Dite quel che volete, ma i conventi a me son sempre piaciuti, soprattutto quelli delle monache. Vi si respira un’atmosfera serena e dei profumi di pulito e di peperoni in padella che ti fanno sentire sicuro, beato nel corpo e nello spirito.

Quando Don Aldo, la domenica mattina, di buon’ora, andava a celebrare messa al convento delle domenicane non perdevo occasione di seguirlo per fargli da chierichetto. Concluso il rito era tradizione che le monache ci offrissero la colazione. E io che ero un bambinetto di dieci o undici anni ricevevo un sacco di coccole e complimenti da quelle buone suore. Mi coprivano letteralmente di attenzioni rimpinzandomi di dolci e marmellate fatte da loro stesse con la frutta che cresceva nel giardino del convento.

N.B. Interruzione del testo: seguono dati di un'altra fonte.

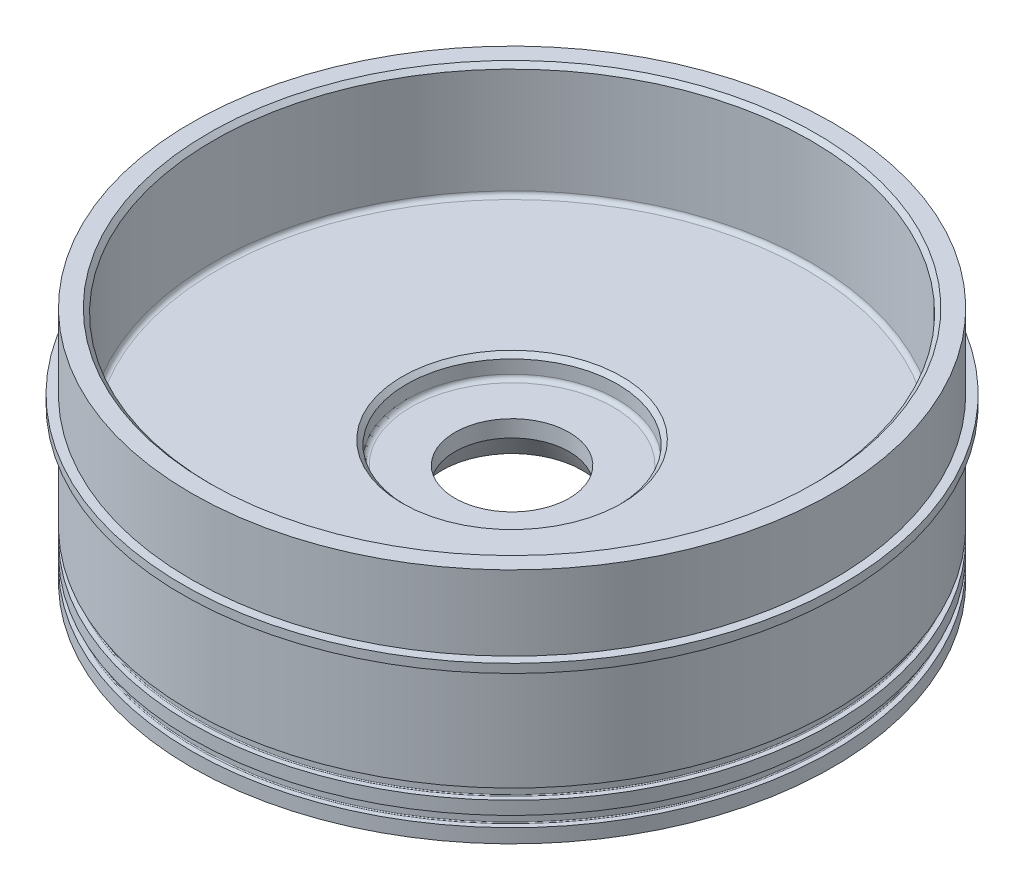
SolidWorks part; units mm, degrees
material "6061-T6 (SS)"
ref_plane "Piano frontale" through (0, 0, 0) normal (0, 0, 1) x (1, 0, 0)
ref_plane "Piano superiore" through (0, 0, 0) normal (0, 1, 0) x (1, 0, 0)
ref_plane "Piano destro" through (0, 0, 0) normal (1, 0, 0) x (0, 0, -1)
sketch "Schizzo1" plane through (0, 0, 0) normal (0, 0, 1) x (1, 0, 0)
  line L0 (0, 0) -> (0, 25.5769) construction
  line L1 (-13, 0) -> (-73, 0)
  line L2 (-73, 0) -> (-73, 14)
  line L3 (-73, 14) -> (-24, 14)
  line L4 (-24, 14) -> (-24, 9)
  line L5 (-24, 9) -> (-13, 9)
  line L6 (-13, 9) -> (-13, 0)
  line L7 (-24, 14) -> (-13, 14)
  line L8 (-13, 14) -> (-13, 9)
  line L9 (-73, 14) -> (-73, 40)
  line L10 (-73, 40) -> (-68, 40)
  line L11 (-69, 0) -> (-69, -14)
  line L12 (-69, -14) -> (-73, -14)
  line L13 (-73, -14) -> (-73, 0)
  line L14 (-68, 14) -> (-68, 40)
  line L15 (-73, 23) -> (-75, 23)
  line L16 (-75, 23) -> (-75, 21)
  line L17 (-73, -14) -> (-73, 0)
  line L18 (-73, -3) -> (-71.7, -3)
  line L19 (-71.7, -3) -> (-71.7, -5.4)
  line L20 (-71.7, -5.4) -> (-73, -5.4)
  line L21 (-73, -8.4) -> (-71.7, -8.4)
  line L22 (-71.7, -8.4) -> (-71.7, -10.8)
  line L23 (-71.7, -10.8) -> (-73, -10.8)
  line L24 (-75, 21) -> (-73, 21)
  dimension "D1" = 5
  dimension "D2" = 146
  dimension "D3" = 26
  dimension "D4" = 48
  dimension "D5" = 14
  dimension "D6" = 4
  dimension "D7" = 2.4
  dimension "D8" = 1.3
  dimension "D9" = 3
  dimension "D10" = 3
  dimension "D11" = 14
  dimension "D12" = 26
  dimension "D13" = 136
  dimension "D14" = 2
  dimension "D15" = 150
  dimension "D16" = 35
revolve "Rivoluzione1" add sketch "Schizzo1" angle 360 about L0 region at (-44.7166, 6.6847, 0) region at (-70.8307, -7.0125, 0) region at (-18.5, 11.5, 0) region at (-70.5, 27, 0) region at (-74, 22, 0)
chamfer "Smusso1" distance 3 angle 60 1 edges at (0, 0, -13) first distance on face at (0, 0, -69)
chamfer "Smusso2" distance 1 angle 45 1 edges at (0, -14, -69)
fillet "Raccordo1" radius 1 2 edges at (0, 0, -69) (0, 14, -68)
chamfer "Smusso3" distance 1 angle 45 1 edges at (0, 40, -68)
fillet "Raccordo2" radius 0.2 4 edges at (0, -8.4, -71.7) (0, -10.8, -71.7) (0, -3, -71.7) (0, -5.4, -71.7)
sketch "Schizzo2" plane through (0, 0, 0) normal (0, 0, 1) x (1, 0, 0)
  line L0 (0, 0) -> (0, 58.1242) construction
  line L1 (0, 0) -> (-27.2443, 0) construction
  line L2 (-68, 0) -> (68, 0) construction
  line L3 (-13, 9) -> (-24, 9)
  line L4 (-24, 9) -> (-24, 14)
  line L5 (67, 14) -> (-67, 14) construction
  line L6 (-24, 14) -> (-13, 14)
  line L7 (13, 14) -> (-13, 14) construction
  line L8 (-13, 14) -> (-13, 9)
  line L9 (-13, 9) -> (-13, 0) construction
  point P14 (-13, 8.4408)
  dimension "D1" = 5
  dimension "D2" = 48
revolve "Taglia-Rivoluzione1" cut sketch "Schizzo2" angle 360 about L0
fillet "Raccordo3" radius 1 1 edges at (0, 9, -24)
chamfer "Smusso4" distance 1 angle 45 1 edges at (0, 14, -24)

Ma fra i tanti ricordi di quelle visite, il colore bianco è quello che più si staglia nella mia mente. Bianchi gli intonaci delle stanze, gli abiti delle monache, i soggoli, i visi delle anziane e quelli delle giovani. Bianchi i golfini di lana i cui polsini a piccole coste, sporgevano appena dai manicotti, così come le calze che si scorgevano di un nulla tra la lunga veste e le scarpe. E bianche erano soprattutto le mani, esili e forti da instancabili lavoratrici. Ricordo quando mi accarezzavano le guance. Le ricordo quelle mani, un po’ ruvide, avvizzite e quasi trasparenti, percorse dalle linee bluastre delle vene. Ricordo il contatto, dolce, mai molle o indolente. Lì mi sentivo a casa.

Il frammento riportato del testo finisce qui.